鄭果果如小鹿一般的眼睛一轉,嘿嘿道:“哎呀哎呀,竟然有這么多的重傷員呀,浮鰩飛艇能裝多少人是有限制的。”
“我要大公無私的把我的位置讓出來,嘻嘻。”
花熠沒有揭穿鄭果果的小心思,抬腿就要繞路回自己的帳篷。
鄭果果小快步的跟了上來,低聲道:“我先到你的帳篷躲一躲,等那個浮鰩飛艇飛走了再出來……”
結果卻是,昨晚涌來了太多的公子和傷員,不僅花熠的帳篷被占用了,鄭果果的帳篷也讓出來給了幾位來自世家的女修煉者。
好在直到浮鰩飛艇飛走了,也沒人來找鄭果果。
這讓鄭果果又慶幸又有些心里不舒服,嘀咕道:“七叔也沒那么關心我!”
隨后,她主動去了解一番情況,打聽到,鄭思齊和那幾位公子正在商議組建一支精練隊伍,再去圍殺那吞天蟒。
“肚子餓了,瘦虎,我們去吃飯……”
在鄭家營地的東北角,有一片面積不小的露天餐飲區。
在這里,只需十兩銀子,就可以暢吃一餐家常便飯。
這個餐食,這個價格,要是在西京,絕對是令人望而卻步,被人咒罵黑心,但在這里,也算良心價了。
不少食材和配料,可都是用浮鰩飛艇從西京空運過來的。
當然,這個價格,也是相對修煉者的收入來說的。
今日早餐有肉丁野菜大包子,五谷粥,小醬菜、醬肉、煮雞蛋等幾樣。
花熠掏了二十兩銀子,自然又主動的替鄭果果交了錢。
鄭果果的小臉卻瞬間變得紅撲撲的,猶如熟透的蘋果。
她默默地跟在花熠身后,歡快地用藤編籃子裝了十幾個大包子,又拿了不少雞蛋和小醬菜。
待花熠用木碗盛了兩碗粥回來,就發現餐桌上的飯菜都快要擺滿了。
自助餐嘛,修煉者又能吃,花熠覺得正常……
不得不說,鄭家廚子手藝不錯,這肉丁野菜大包子,花熠吃著,感覺不比藍星上那些加了不知多少調料的包子差。

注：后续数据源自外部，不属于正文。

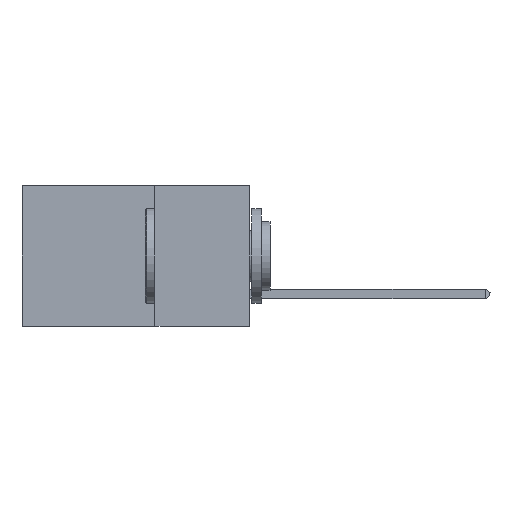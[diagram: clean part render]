
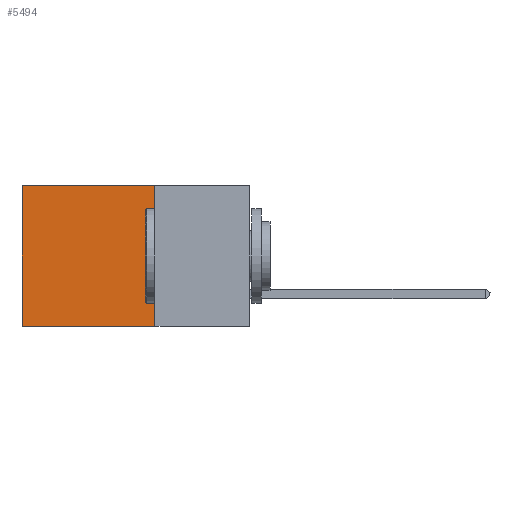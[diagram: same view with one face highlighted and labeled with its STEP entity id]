
A CAD part, left-side view. The second image highlights one B-rep face of the part: STEP entity #5494.
In plain terms, the highlighted planar face has unit normal (-1, 0, 0).
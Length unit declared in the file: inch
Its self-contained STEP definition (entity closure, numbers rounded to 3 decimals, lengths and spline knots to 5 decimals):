
#40 = EDGE_LOOP ( 'NONE', ( #7710, #8669, #20486, #20625 ) ) ;
#375 = EDGE_CURVE ( 'NONE', #18001, #19766, #5586, .T. ) ;
#544 = EDGE_CURVE ( 'NONE', #19766, #6948, #28105, .T. ) ;
#1287 = CARTESIAN_POINT ( 'NONE',  ( 0.2875, 0.6, -0.37 ) ) ;
#2461 = VECTOR ( 'NONE', #15086, 39.37008 ) ;
#5027 = AXIS2_PLACEMENT_3D ( 'NONE', #8480, #31479, #8698 ) ;
#5494 = ADVANCED_FACE ( 'NONE', ( #12753 ), #19301, .F. ) ;
#5586 = LINE ( 'NONE', #8450, #26315 ) ;
#6394 = CARTESIAN_POINT ( 'NONE',  ( 0.2875, 0.25, -0.37 ) ) ;
#6948 = VERTEX_POINT ( 'NONE', #1287 ) ;
#7710 = ORIENTED_EDGE ( 'NONE', *, *, #22141, .T. ) ;
#8450 = CARTESIAN_POINT ( 'NONE',  ( 0.2875, 0.25, 0. ) ) ;
#8480 = CARTESIAN_POINT ( 'NONE',  ( 0.2875, 0.25, 0. ) ) ;
#8669 = ORIENTED_EDGE ( 'NONE', *, *, #544, .F. ) ;
#8698 = DIRECTION ( 'NONE',  ( 0., 0., -1. ) ) ;
#12753 = FACE_OUTER_BOUND ( 'NONE', #40, .T. ) ;
#15077 = CARTESIAN_POINT ( 'NONE',  ( 0.2875, 0.6, 0. ) ) ;
#15086 = DIRECTION ( 'NONE',  ( 0., 0., -1. ) ) ;
#16096 = CARTESIAN_POINT ( 'NONE',  ( 0.2875, 0.25, 0. ) ) ;
#18001 = VERTEX_POINT ( 'NONE', #16096 ) ;
#18602 = CARTESIAN_POINT ( 'NONE',  ( 0.2875, 0.25, 0. ) ) ;
#18906 = VECTOR ( 'NONE', #32411, 39.37008 ) ;
#19301 = PLANE ( 'NONE',  #5027 ) ;
#19659 = LINE ( 'NONE', #25720, #2461 ) ;
#19766 = VERTEX_POINT ( 'NONE', #35412 ) ;
#20036 = EDGE_CURVE ( 'NONE', #18001, #22628, #34766, .T. ) ;
#20486 = ORIENTED_EDGE ( 'NONE', *, *, #375, .F. ) ;
#20625 = ORIENTED_EDGE ( 'NONE', *, *, #20036, .T. ) ;
#22141 = EDGE_CURVE ( 'NONE', #22628, #6948, #19659, .T. ) ;
#22628 = VERTEX_POINT ( 'NONE', #15077 ) ;
#23457 = DIRECTION ( 'NONE',  ( 0., 1., 0. ) ) ;
#25466 = VECTOR ( 'NONE', #23457, 39.37008 ) ;
#25720 = CARTESIAN_POINT ( 'NONE',  ( 0.2875, 0.6, 0. ) ) ;
#26315 = VECTOR ( 'NONE', #28155, 39.37008 ) ;
#28105 = LINE ( 'NONE', #6394, #25466 ) ;
#28155 = DIRECTION ( 'NONE',  ( 0., 0., -1. ) ) ;
#31479 = DIRECTION ( 'NONE',  ( 1., 0., 0. ) ) ;
#32411 = DIRECTION ( 'NONE',  ( 0., 1., 0. ) ) ;
#34766 = LINE ( 'NONE', #18602, #18906 ) ;
#35412 = CARTESIAN_POINT ( 'NONE',  ( 0.2875, 0.25, -0.37 ) ) ;

他接連炫了七個大包子,耳邊忽然響起一聲驚呼,“瘦虎?竟然真的是你!”
花熠抬頭看去,不由得眼睛一瞇!
竟然是磐石武斗館的孟澤!
孟澤快步來到近前,嘖嘖道:“瘦虎,我在約定匯合點足足等了你一天一夜,沒有等到你,我還以為你死了呢。”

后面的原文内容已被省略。